Qt 5.9's OpenVG Renderer For Hardware Lacking OpenGL

Written by Michael Larabel in Qt on 31 March 2017 at 08:42 AM EDT. 1 Comment
QT
One of the many new features for the upcoming Qt 5.9 is an OpenVG renderer for hardware acceleration on some embedded platforms that lack OpenGL capabilities.

OpenVG for the uninitiated is a 2D vector graphics API backed by The Khronos Group. It hasn't been updated in almost one decade with OpenGL ES largely taking over on the mobile/embedded front, but there still is some embedded hardware out there with still having OpenVG v1.1 drivers. There used to be an OpenVG state tracker in Mesa's Gallium3D, but that's long been dead.

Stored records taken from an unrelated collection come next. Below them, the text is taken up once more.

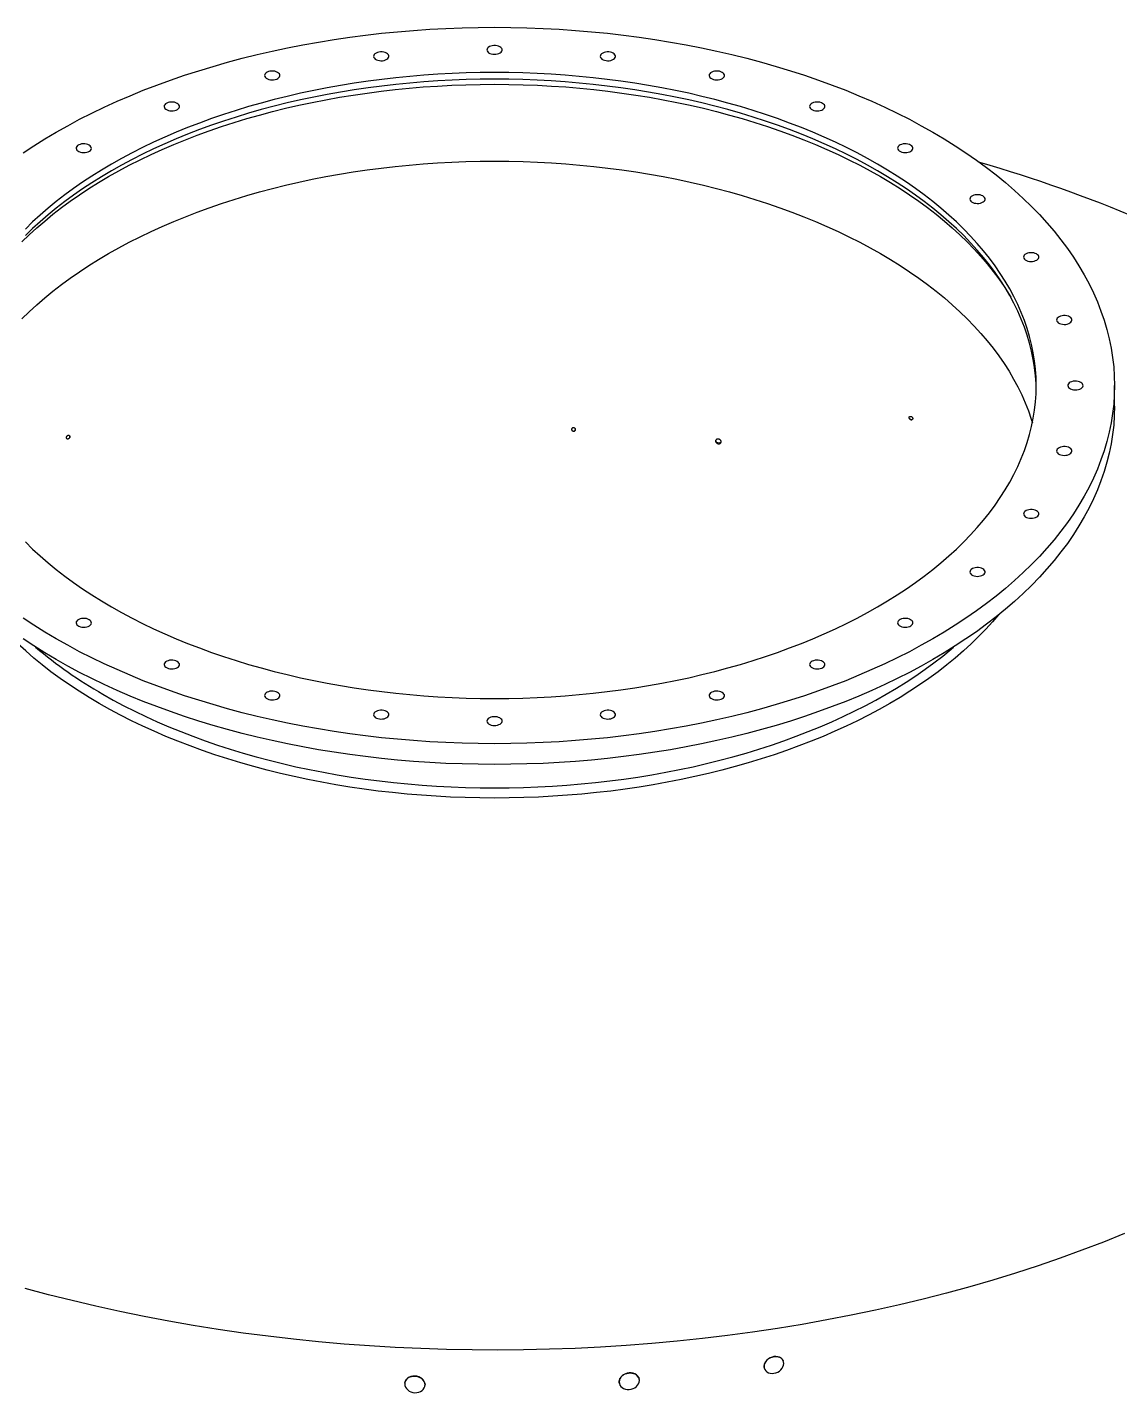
# Model space of a CAD drawing. Header units: millimetres. Extents: x -12403 to 8666, y -15213 to 13435.
# Drawn here: x -7272 to -6165, y -3646 to -2263 of the extents above; entities that cross this region are included whole.
import ezdxf

# ---------------------------------------------------------------- set-up
doc = ezdxf.new("R2010")
doc.units = ezdxf.units.MM

msp = doc.modelspace()

# ---------------------------------------------------------------- linework, layer by layer
at = {"color": 7, "linetype": 'Continuous', "lineweight": 25}
for p, q in [((-6170.52, -2647.03), (-6170.52, -2626.01)), ((-6525.04, -3622.1), (-6525.03, -3622.13)), ((-6506.32, -3613.49), (-6506.33, -3613.47)), ((-6889.74, -3636.17), (-6889.74, -3636.2)), ((-6652.2, -3632.12), (-6652.21, -3632.09)), ((-6869.31, -3638.81), (-6869.3, -3638.78)), ((-6672.34, -3636.46), (-6672.33, -3636.48))]:
    msp.add_line(p, q, dxfattribs=at)
at = {"color": 7, "linetype": 'Continuous', "lineweight": 25, "flags": 128}
for points in [[(-7276.58, -2390.45), (-7265.73, -2383.31), (-7254.57, -2376.33), (-7243.09, -2369.53), (-7231.31, -2362.91), (-7219.23, -2356.46), (-7206.86, -2350.2), (-7194.22, -2344.13), (-7181.3, -2338.25), (-7168.12, -2332.57), (-7154.69, -2327.09), (-7141.01, -2321.81), (-7127.1, -2316.75), (-7112.97, -2311.89), (-7098.61, -2307.25), (-7084.06, -2302.83), (-7069.31, -2298.63), (-7054.37, -2294.66), (-7039.26, -2290.91), (-7023.98, -2287.39), (-7008.55, -2284.1), (-6992.97, -2281.05), (-6977.26, -2278.23), (-6961.43, -2275.66), (-6945.49, -2273.32), (-6929.45, -2271.22), (-6913.31, -2269.37), (-6897.1, -2267.76), (-6880.82, -2266.4), (-6864.49, -2265.28), (-6848.11, -2264.42), (-6831.7, -2263.79), (-6815.26, -2263.42), (-6798.82, -2263.3), (-6782.37, -2263.42), (-6765.93, -2263.79), (-6749.52, -2264.42), (-6733.14, -2265.28), (-6716.81, -2266.4), (-6700.53, -2267.76), (-6684.32, -2269.37), (-6668.18, -2271.22), (-6652.14, -2273.32), (-6636.2, -2275.66), (-6620.37, -2278.23), (-6604.66, -2281.05), (-6589.08, -2284.1), (-6573.65, -2287.39), (-6558.38, -2290.91), (-6543.26, -2294.66), (-6528.32, -2298.63), (-6513.57, -2302.83), (-6499.02, -2307.25), (-6484.67, -2311.89), (-6470.53, -2316.75), (-6456.62, -2321.81), (-6442.94, -2327.09), (-6429.51, -2332.57), (-6416.33, -2338.25), (-6403.41, -2344.13), (-6390.77, -2350.2), (-6378.4, -2356.46), (-6366.32, -2362.91), (-6354.54, -2369.53), (-6343.06, -2376.33), (-6331.9, -2383.31), (-6321.05, -2390.45), (-6310.53, -2397.75), (-6300.35, -2405.2), (-6290.51, -2412.81), (-6281.02, -2420.57), (-6271.88, -2428.46), (-6263.1, -2436.49), (-6254.69, -2444.65), (-6246.65, -2452.94), (-6239, -2461.34), (-6231.72, -2469.86), (-6224.83, -2478.48), (-6218.34, -2487.2), (-6212.25, -2496.02), (-6206.55, -2504.93), (-6201.27, -2513.92), (-6196.39, -2522.99), (-6191.92, -2532.13), (-6187.88, -2541.33), (-6184.24, -2550.6), (-6181.04, -2559.91), (-6178.25, -2569.27), (-6175.89, -2578.66), (-6173.96, -2588.09), (-6172.45, -2597.55), (-6171.38, -2607.02), (-6170.73, -2616.51), (-6170.52, -2626.01), (-6170.73, -2635.5), (-6171.38, -2644.99), (-6172.45, -2654.47), (-6173.96, -2663.92), (-6175.89, -2673.35), (-6178.25, -2682.75), (-6181.04, -2692.11), (-6184.24, -2701.42), (-6187.88, -2710.68), (-6191.92, -2719.88), (-6196.39, -2729.02), (-6201.27, -2738.09), (-6206.55, -2747.08), (-6212.25, -2755.99), (-6218.34, -2764.81), (-6224.83, -2773.53), (-6231.72, -2782.16), (-6239, -2790.67), (-6246.65, -2799.08), (-6254.69, -2807.36), (-6263.1, -2815.52), (-6271.88, -2823.55), (-6281.02, -2831.45), (-6290.51, -2839.2), (-6300.35, -2846.81), (-6310.53, -2854.27), (-6321.05, -2861.57), (-6331.9, -2868.71), (-6343.06, -2875.68), (-6354.54, -2882.48), (-6366.32, -2889.11), (-6378.4, -2895.55), (-6390.77, -2901.81), (-6403.41, -2907.89), (-6416.33, -2913.76), (-6429.51, -2919.45), (-6442.94, -2924.93), (-6456.62, -2930.2), (-6470.53, -2935.27), (-6484.67, -2940.12), (-6499.02, -2944.76), (-6513.57, -2949.18), (-6528.32, -2953.38), (-6543.26, -2957.36), (-6558.38, -2961.11), (-6573.65, -2964.63), (-6589.08, -2967.91), (-6604.66, -2970.97), (-6620.37, -2973.78), (-6636.2, -2976.36), (-6652.14, -2978.7), (-6668.18, -2980.79), (-6684.32, -2982.64), (-6700.53, -2984.25), (-6716.81, -2985.61), (-6733.14, -2986.73), (-6749.52, -2987.6), (-6765.93, -2988.22), (-6782.37, -2988.59), (-6798.82, -2988.72), (-6815.26, -2988.59), (-6831.7, -2988.22), (-6848.11, -2987.6), (-6864.49, -2986.73), (-6880.82, -2985.61), (-6897.1, -2984.25), (-6913.31, -2982.64), (-6929.45, -2980.79), (-6945.49, -2978.7), (-6961.43, -2976.36), (-6977.26, -2973.78), (-6992.97, -2970.97), (-7008.55, -2967.91), (-7023.98, -2964.63), (-7039.26, -2961.11), (-7054.37, -2957.36), (-7069.31, -2953.38), (-7084.06, -2949.18), (-7098.61, -2944.76), (-7112.97, -2940.12), (-7127.1, -2935.27), (-7141.01, -2930.2), (-7154.69, -2924.93), (-7168.12, -2919.45), (-7181.3, -2913.76), (-7194.22, -2907.89), (-7206.86, -2901.81), (-7219.23, -2895.55), (-7231.31, -2889.11), (-7243.09, -2882.48)], [(-6908.19, -2289.57), (-6909.49, -2288.96), (-6910.99, -2288.53), (-6912.61, -2288.3), (-6914.28, -2288.27), (-6915.92, -2288.46), (-6917.46, -2288.84), (-6918.81, -2289.4), (-6919.93, -2290.12), (-6920.75, -2290.96), (-6921.24, -2291.88), (-6921.38, -2292.84), (-6921.15, -2293.8), (-6920.57, -2294.7), (-6919.67, -2295.51), (-6918.49, -2296.2), (-6917.09, -2296.71), (-6915.52, -2297.05), (-6913.86, -2297.18), (-6912.2, -2297.1), (-6910.6, -2296.82), (-6909.15, -2296.34), (-6907.9, -2295.7), (-6906.93, -2294.91), (-6906.27, -2294.03), (-6905.95, -2293.08), (-6906, -2292.12), (-6906.4, -2291.18), (-6907.15, -2290.32), (-6908.19, -2289.57)], [(-6793.35, -2283.04), (-6794.65, -2282.43), (-6796.15, -2282), (-6797.77, -2281.77), (-6799.44, -2281.75), (-6801.08, -2281.93), (-6802.62, -2282.31), (-6803.97, -2282.87), (-6805.09, -2283.59), (-6805.91, -2284.43), (-6806.4, -2285.35), (-6806.54, -2286.31), (-6806.31, -2287.27), (-6805.74, -2288.17), (-6804.84, -2288.98), (-6803.65, -2289.67), (-6802.25, -2290.19), (-6800.68, -2290.52), (-6799.02, -2290.65), (-6797.36, -2290.57), (-6795.76, -2290.29), (-6794.31, -2289.81), (-6793.06, -2289.17), (-6792.09, -2288.38), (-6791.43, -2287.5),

The Qt Company has added OpenVG acceleration now for helping out embedded devices lacking OpenGL 2.0 support but managing to have EGL+OpenVG capabilities compared to the status quo of having only software acceleration on those platforms. Qt still insists that OpenVG has relevancy today, "A few examples of system-on-chips with this configuration are the NXP iMX6 SoloLite, and Vybrid VF5xxR chips which both use the GC355 Vector GPUs enabling OpenVG. The OpenVG working group may no longer be actively working on the standard itself, but SoC vendors are still releasing on hardware that supports OpenVG."

More details on the OpenVG support coming to Qt 5.9 can be found via today's Qt.io blog post. Other Qt 5.9 tool-kit features are covered in this earlier article.